Collected data entries
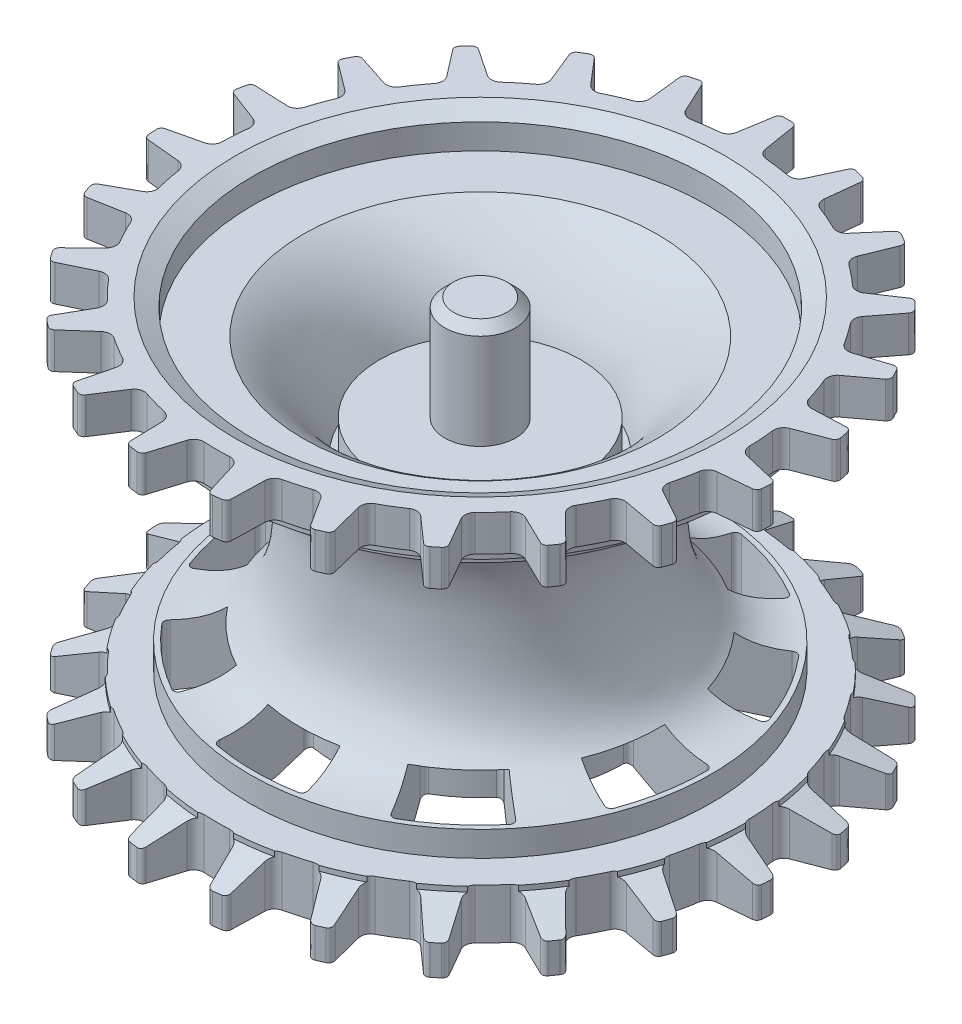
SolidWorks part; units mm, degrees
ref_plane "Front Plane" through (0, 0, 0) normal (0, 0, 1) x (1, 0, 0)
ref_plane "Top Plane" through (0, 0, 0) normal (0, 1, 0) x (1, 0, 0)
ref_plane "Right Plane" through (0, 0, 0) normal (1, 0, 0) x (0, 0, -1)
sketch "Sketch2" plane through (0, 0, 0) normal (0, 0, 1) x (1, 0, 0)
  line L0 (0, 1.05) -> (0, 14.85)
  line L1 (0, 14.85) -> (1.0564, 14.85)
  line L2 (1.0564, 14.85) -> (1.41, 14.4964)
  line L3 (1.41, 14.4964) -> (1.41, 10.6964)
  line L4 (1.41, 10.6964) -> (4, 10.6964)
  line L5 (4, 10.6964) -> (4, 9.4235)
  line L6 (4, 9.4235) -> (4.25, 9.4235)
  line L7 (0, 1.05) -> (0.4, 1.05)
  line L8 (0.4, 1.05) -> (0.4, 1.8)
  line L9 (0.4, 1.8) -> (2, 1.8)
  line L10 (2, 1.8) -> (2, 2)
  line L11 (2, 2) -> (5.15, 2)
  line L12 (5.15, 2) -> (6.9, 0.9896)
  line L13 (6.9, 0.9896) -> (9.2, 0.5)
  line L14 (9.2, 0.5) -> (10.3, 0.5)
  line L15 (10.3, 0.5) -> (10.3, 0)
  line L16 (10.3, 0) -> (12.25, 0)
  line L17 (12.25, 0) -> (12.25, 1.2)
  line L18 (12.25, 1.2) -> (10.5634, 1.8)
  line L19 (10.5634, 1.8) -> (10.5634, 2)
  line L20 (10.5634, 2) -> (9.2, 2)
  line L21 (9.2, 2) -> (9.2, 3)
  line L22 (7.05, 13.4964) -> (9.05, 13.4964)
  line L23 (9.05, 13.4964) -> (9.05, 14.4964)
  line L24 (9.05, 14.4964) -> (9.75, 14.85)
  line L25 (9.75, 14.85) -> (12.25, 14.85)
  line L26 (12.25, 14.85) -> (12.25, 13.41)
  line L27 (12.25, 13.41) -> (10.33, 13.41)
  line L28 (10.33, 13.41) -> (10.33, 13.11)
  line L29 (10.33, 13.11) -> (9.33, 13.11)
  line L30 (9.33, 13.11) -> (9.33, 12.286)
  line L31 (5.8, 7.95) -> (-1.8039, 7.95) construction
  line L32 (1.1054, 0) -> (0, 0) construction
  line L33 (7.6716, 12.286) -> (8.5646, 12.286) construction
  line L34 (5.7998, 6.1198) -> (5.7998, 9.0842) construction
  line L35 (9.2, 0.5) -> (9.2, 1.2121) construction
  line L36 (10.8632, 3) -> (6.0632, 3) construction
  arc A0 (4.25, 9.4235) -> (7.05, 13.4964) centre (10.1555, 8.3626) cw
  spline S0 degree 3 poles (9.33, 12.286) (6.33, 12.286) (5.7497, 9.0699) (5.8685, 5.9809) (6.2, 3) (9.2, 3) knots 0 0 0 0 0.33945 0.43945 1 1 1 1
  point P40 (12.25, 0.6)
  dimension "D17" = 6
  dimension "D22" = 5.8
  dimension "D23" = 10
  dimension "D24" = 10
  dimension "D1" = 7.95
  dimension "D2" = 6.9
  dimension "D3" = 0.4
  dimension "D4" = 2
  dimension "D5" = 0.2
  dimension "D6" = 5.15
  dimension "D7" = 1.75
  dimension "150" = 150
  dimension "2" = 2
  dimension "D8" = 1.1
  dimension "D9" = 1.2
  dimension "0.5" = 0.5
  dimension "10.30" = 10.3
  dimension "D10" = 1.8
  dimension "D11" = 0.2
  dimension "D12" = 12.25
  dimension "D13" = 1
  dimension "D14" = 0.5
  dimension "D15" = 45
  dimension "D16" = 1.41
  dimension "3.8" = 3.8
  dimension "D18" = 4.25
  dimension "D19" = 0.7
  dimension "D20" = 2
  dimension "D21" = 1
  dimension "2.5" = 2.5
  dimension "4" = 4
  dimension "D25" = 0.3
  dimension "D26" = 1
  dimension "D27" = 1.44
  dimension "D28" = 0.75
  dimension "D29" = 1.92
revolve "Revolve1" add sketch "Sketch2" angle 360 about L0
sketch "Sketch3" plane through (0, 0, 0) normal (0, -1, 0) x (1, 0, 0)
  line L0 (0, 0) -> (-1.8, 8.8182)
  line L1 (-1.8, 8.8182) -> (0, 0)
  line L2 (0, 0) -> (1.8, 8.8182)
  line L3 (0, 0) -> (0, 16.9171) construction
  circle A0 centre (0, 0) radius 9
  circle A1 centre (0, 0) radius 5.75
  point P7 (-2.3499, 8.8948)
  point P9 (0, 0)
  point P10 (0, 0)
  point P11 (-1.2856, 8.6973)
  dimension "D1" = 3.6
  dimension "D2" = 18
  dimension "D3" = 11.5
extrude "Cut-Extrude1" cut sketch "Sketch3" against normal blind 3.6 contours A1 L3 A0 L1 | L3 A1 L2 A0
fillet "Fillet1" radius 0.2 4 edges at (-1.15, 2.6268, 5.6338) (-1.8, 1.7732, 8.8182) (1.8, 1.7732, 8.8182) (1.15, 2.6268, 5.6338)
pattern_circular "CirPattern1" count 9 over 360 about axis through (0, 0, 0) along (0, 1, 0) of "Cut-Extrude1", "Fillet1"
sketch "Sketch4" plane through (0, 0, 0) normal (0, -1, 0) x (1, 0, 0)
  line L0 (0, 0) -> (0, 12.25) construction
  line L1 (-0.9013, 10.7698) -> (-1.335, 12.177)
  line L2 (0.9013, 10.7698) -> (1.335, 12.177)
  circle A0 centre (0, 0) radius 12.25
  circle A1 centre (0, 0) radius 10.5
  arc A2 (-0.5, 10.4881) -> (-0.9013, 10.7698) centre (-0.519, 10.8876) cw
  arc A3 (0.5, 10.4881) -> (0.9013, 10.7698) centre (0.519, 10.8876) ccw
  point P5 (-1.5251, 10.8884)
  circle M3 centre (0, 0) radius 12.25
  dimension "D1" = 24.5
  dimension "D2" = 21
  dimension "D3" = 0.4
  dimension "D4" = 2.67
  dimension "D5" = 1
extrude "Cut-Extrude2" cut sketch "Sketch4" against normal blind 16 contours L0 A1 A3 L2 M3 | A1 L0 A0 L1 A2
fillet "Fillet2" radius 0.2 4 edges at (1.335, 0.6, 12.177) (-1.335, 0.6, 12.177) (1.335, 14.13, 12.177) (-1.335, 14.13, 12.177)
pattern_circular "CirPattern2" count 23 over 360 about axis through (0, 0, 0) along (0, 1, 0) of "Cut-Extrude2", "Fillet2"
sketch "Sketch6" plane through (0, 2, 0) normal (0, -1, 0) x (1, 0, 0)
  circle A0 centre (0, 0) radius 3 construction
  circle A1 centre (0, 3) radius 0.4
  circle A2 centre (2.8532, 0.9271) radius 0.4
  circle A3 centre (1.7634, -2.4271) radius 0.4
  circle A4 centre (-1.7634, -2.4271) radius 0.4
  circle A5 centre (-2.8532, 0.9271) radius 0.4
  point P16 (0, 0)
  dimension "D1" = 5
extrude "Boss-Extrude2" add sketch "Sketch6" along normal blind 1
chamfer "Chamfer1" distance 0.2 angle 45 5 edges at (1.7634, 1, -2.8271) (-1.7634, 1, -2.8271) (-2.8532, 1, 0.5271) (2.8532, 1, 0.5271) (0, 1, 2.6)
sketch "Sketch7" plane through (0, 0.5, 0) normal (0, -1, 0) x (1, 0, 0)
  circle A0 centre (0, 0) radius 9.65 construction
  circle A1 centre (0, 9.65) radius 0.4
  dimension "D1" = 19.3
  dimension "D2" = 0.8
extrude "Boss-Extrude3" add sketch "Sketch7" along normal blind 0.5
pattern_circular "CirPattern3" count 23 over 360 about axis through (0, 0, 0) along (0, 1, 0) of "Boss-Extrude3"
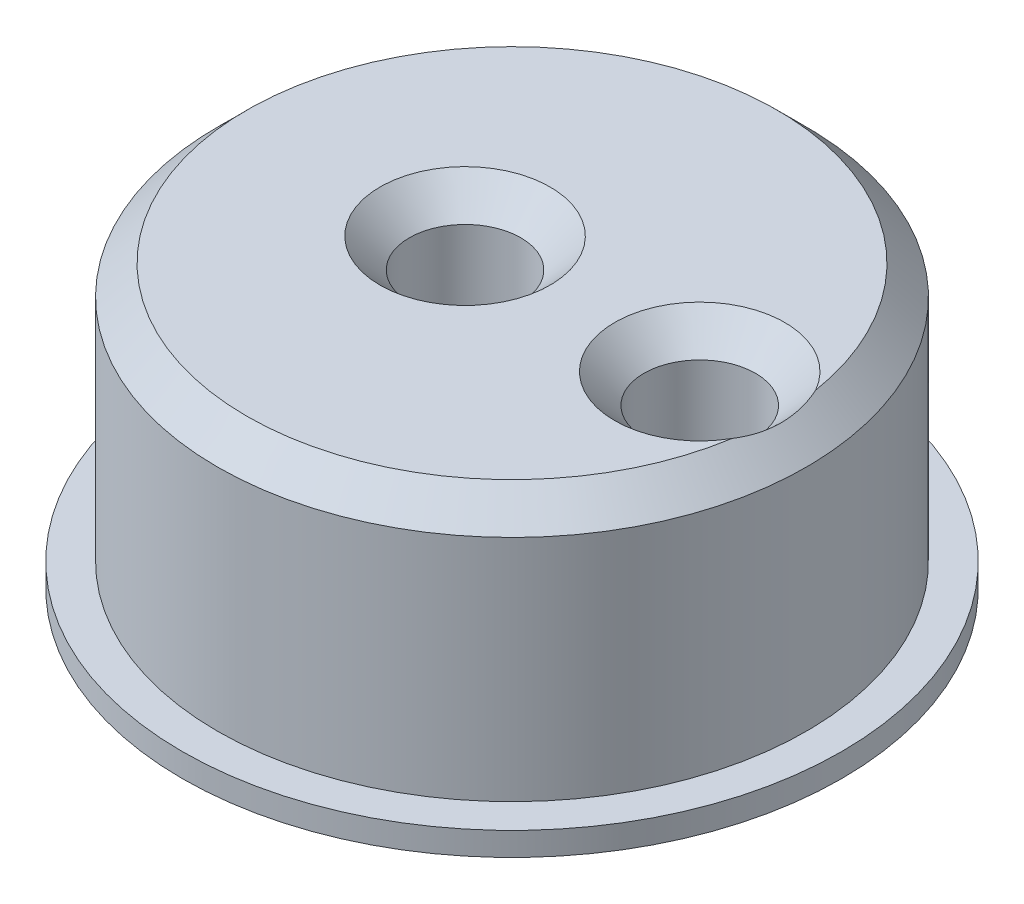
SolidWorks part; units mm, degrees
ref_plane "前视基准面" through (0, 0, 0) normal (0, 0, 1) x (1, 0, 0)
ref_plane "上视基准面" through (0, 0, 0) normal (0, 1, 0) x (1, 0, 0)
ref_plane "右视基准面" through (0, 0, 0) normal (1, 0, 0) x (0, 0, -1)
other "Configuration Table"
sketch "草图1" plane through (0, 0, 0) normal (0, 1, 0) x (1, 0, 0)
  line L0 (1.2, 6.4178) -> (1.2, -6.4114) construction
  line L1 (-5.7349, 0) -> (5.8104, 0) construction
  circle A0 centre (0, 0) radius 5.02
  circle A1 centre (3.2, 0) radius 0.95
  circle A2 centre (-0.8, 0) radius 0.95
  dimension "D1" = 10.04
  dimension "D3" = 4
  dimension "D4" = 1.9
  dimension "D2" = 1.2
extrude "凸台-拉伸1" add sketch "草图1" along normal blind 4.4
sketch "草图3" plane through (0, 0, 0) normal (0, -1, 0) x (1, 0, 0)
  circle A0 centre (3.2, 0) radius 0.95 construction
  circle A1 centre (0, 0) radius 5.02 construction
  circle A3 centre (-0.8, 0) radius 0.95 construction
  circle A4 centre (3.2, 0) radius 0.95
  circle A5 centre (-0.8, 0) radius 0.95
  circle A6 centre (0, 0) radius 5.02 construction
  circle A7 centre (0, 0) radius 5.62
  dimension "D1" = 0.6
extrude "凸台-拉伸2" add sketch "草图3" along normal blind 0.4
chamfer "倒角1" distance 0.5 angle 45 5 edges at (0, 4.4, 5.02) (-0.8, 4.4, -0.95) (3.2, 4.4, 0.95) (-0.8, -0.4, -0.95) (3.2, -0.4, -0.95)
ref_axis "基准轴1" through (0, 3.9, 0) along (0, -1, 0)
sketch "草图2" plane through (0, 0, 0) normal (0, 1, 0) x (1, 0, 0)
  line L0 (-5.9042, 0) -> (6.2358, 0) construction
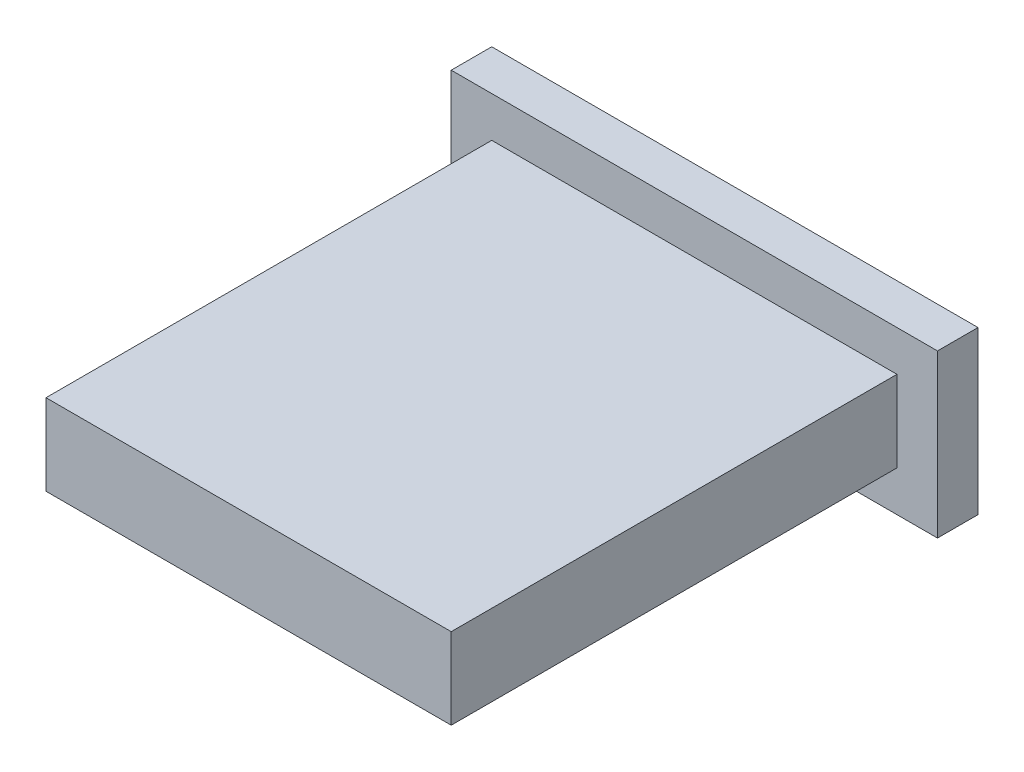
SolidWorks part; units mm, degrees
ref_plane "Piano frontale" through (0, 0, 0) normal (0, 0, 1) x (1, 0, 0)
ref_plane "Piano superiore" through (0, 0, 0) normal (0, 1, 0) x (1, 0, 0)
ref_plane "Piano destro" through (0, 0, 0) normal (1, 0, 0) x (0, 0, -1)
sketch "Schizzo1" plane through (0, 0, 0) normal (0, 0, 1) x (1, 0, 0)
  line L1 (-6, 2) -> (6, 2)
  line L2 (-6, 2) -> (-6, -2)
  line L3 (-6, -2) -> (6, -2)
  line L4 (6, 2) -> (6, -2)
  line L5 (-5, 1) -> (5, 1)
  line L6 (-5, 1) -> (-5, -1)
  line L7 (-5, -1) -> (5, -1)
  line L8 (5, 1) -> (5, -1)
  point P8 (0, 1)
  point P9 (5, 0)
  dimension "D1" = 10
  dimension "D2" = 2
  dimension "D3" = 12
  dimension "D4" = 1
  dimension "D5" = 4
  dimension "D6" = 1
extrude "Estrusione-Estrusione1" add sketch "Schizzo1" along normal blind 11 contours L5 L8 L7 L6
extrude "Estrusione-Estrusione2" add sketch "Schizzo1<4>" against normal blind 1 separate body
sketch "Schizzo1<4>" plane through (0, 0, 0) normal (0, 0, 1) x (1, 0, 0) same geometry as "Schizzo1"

→ Task item
In the data above, find the line with "line L1 (-5.7349, 0)" and the line with "normal blind 0.4". Retype both, plus every line between them, exactly.

→ Answer for the task
  line L1 (-5.7349, 0) -> (5.8104, 0) construction
  circle A0 centre (0, 0) radius 5.02
  circle A1 centre (3.2, 0) radius 0.95
  circle A2 centre (-0.8, 0) radius 0.95
  dimension "D1" = 10.04
  dimension "D3" = 4
  dimension "D4" = 1.9
  dimension "D2" = 1.2
extrude "凸台-拉伸1" add sketch "草图1" along normal blind 4.4
sketch "草图3" plane through (0, 0, 0) normal (0, -1, 0) x (1, 0, 0)
  circle A0 centre (3.2, 0) radius 0.95 construction
  circle A1 centre (0, 0) radius 5.02 construction
  circle A3 centre (-0.8, 0) radius 0.95 construction
  circle A4 centre (3.2, 0) radius 0.95
  circle A5 centre (-0.8, 0) radius 0.95
  circle A6 centre (0, 0) radius 5.02 construction
  circle A7 centre (0, 0) radius 5.62
  dimension "D1" = 0.6
extrude "凸台-拉伸2" add sketch "草图3" along normal blind 0.4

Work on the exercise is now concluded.